* **Work to be completed**
Which lines below fall between the one containing "ESR < 1 Ohm" and the one containing "2025-04-25 Updated stuff"? Repeat them exactly, counting both of those lines, and add nothing else.
● ● ● ●
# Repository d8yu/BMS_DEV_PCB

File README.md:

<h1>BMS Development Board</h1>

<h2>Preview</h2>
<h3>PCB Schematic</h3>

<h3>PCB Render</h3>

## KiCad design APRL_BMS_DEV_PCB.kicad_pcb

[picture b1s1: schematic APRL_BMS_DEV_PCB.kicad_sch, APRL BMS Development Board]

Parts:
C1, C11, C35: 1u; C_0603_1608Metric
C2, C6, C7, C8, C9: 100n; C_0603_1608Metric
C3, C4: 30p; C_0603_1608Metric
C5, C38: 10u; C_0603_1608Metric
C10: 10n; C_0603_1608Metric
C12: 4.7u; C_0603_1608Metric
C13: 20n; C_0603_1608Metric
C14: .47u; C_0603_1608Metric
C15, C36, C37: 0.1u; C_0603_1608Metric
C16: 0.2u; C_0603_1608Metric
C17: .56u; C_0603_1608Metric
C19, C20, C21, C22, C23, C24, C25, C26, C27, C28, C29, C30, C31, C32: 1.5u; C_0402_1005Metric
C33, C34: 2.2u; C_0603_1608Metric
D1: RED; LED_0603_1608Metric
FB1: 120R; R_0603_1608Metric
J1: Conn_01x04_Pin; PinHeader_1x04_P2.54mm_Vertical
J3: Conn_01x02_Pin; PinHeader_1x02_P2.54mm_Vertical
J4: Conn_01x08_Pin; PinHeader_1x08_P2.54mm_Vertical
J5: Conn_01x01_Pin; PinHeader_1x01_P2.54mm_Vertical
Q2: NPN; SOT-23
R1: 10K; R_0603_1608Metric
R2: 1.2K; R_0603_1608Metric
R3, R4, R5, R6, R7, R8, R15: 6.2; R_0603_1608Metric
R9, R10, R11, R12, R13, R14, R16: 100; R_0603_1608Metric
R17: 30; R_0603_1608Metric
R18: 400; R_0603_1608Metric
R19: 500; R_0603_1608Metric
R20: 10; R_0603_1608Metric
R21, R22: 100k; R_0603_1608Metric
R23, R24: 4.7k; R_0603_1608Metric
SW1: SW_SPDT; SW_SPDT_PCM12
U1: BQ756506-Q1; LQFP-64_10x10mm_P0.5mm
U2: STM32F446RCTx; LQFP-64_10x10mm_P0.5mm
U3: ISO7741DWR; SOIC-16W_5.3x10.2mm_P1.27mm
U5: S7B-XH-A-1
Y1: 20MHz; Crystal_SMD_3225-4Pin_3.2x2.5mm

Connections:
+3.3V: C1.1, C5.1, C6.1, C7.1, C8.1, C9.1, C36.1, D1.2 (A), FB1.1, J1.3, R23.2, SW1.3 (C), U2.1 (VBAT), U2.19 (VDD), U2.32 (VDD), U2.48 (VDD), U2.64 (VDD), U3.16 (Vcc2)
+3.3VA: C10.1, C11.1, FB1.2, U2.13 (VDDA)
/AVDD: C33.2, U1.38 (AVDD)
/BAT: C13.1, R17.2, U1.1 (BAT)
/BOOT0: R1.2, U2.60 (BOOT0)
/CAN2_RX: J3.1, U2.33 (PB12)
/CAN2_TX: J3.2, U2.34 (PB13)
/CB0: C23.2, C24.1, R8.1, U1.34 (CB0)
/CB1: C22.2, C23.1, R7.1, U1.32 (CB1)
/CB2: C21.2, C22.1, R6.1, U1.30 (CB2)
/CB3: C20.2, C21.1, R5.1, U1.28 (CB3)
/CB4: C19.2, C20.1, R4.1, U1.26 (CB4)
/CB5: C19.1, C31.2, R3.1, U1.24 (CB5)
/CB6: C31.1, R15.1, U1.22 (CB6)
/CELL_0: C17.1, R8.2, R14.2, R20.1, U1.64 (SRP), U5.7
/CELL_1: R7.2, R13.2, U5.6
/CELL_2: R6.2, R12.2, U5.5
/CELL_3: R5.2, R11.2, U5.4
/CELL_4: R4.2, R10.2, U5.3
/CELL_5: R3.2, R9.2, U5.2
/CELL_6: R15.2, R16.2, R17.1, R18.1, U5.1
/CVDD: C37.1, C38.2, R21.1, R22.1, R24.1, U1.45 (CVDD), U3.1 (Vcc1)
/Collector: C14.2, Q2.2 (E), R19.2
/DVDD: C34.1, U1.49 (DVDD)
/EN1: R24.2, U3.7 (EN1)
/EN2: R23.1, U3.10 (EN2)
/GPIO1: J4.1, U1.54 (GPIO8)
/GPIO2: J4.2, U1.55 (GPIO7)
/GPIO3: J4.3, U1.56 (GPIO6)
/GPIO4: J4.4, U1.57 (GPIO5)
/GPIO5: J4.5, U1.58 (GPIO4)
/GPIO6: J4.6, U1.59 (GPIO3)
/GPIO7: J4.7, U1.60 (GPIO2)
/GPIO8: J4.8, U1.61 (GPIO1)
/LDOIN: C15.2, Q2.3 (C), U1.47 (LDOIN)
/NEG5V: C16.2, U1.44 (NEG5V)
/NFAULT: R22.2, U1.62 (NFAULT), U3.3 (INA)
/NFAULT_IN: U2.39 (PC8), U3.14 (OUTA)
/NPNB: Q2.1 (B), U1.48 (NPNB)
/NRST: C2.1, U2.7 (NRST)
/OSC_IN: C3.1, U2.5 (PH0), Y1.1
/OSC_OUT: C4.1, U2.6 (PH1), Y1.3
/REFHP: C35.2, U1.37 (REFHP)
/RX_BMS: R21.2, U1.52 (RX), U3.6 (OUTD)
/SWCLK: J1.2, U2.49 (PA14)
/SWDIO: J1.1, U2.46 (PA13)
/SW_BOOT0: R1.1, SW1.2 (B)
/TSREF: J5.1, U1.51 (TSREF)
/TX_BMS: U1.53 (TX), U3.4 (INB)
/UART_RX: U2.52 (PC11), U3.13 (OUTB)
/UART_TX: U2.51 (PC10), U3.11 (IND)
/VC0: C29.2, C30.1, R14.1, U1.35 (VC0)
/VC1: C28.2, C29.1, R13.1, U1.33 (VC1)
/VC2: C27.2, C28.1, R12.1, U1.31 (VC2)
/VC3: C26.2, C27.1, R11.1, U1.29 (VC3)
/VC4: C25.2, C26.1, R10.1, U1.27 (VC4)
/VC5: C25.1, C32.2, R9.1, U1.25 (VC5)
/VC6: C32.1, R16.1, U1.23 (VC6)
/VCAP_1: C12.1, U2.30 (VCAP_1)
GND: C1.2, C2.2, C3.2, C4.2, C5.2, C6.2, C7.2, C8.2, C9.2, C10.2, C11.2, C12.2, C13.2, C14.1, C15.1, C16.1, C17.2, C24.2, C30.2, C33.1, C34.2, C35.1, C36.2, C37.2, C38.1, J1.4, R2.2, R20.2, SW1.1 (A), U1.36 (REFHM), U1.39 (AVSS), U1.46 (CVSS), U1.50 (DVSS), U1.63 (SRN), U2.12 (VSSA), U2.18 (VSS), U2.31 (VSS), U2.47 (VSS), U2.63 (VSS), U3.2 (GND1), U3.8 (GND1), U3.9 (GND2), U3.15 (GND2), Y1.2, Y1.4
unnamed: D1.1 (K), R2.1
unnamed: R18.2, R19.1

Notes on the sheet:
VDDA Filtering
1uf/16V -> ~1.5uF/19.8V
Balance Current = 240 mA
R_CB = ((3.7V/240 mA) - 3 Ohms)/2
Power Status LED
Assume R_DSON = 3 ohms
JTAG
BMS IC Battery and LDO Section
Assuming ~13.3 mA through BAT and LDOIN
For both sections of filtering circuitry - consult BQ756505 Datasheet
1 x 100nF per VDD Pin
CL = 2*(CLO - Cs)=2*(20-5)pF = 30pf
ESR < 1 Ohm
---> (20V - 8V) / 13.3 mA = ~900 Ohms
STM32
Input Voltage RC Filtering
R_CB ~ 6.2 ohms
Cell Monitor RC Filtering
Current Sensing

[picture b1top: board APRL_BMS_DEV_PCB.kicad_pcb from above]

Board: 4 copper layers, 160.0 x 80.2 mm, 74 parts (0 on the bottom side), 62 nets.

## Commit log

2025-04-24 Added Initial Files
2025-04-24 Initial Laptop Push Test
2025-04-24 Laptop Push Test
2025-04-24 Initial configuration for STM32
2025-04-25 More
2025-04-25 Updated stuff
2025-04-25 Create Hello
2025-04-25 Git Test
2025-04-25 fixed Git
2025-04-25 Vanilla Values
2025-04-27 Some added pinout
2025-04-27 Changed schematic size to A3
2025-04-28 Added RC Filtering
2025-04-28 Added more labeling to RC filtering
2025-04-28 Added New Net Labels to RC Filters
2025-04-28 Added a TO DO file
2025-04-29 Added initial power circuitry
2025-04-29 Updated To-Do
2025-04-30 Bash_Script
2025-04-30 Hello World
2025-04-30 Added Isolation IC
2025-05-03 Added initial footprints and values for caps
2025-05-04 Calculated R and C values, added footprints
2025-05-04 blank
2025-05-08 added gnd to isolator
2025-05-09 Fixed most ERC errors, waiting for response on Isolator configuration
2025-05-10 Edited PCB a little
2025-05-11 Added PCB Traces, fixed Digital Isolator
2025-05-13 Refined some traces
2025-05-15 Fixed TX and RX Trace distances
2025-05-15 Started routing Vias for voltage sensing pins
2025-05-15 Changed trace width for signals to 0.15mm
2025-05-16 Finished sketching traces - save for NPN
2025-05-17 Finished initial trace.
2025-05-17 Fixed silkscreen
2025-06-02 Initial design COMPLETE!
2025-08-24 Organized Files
● ● ● ●
* **Completed task**
ESR < 1 Ohm
---> (20V - 8V) / 13.3 mA = ~900 Ohms
STM32
Input Voltage RC Filtering
R_CB ~ 6.2 ohms
Cell Monitor RC Filtering
Current Sensing

[picture b1top: board APRL_BMS_DEV_PCB.kicad_pcb from above]

Board: 4 copper layers, 160.0 x 80.2 mm, 74 parts (0 on the bottom side), 62 nets.

## Commit log

2025-04-24 Added Initial Files
2025-04-24 Initial Laptop Push Test
2025-04-24 Laptop Push Test
2025-04-24 Initial configuration for STM32
2025-04-25 More
2025-04-25 Updated stuff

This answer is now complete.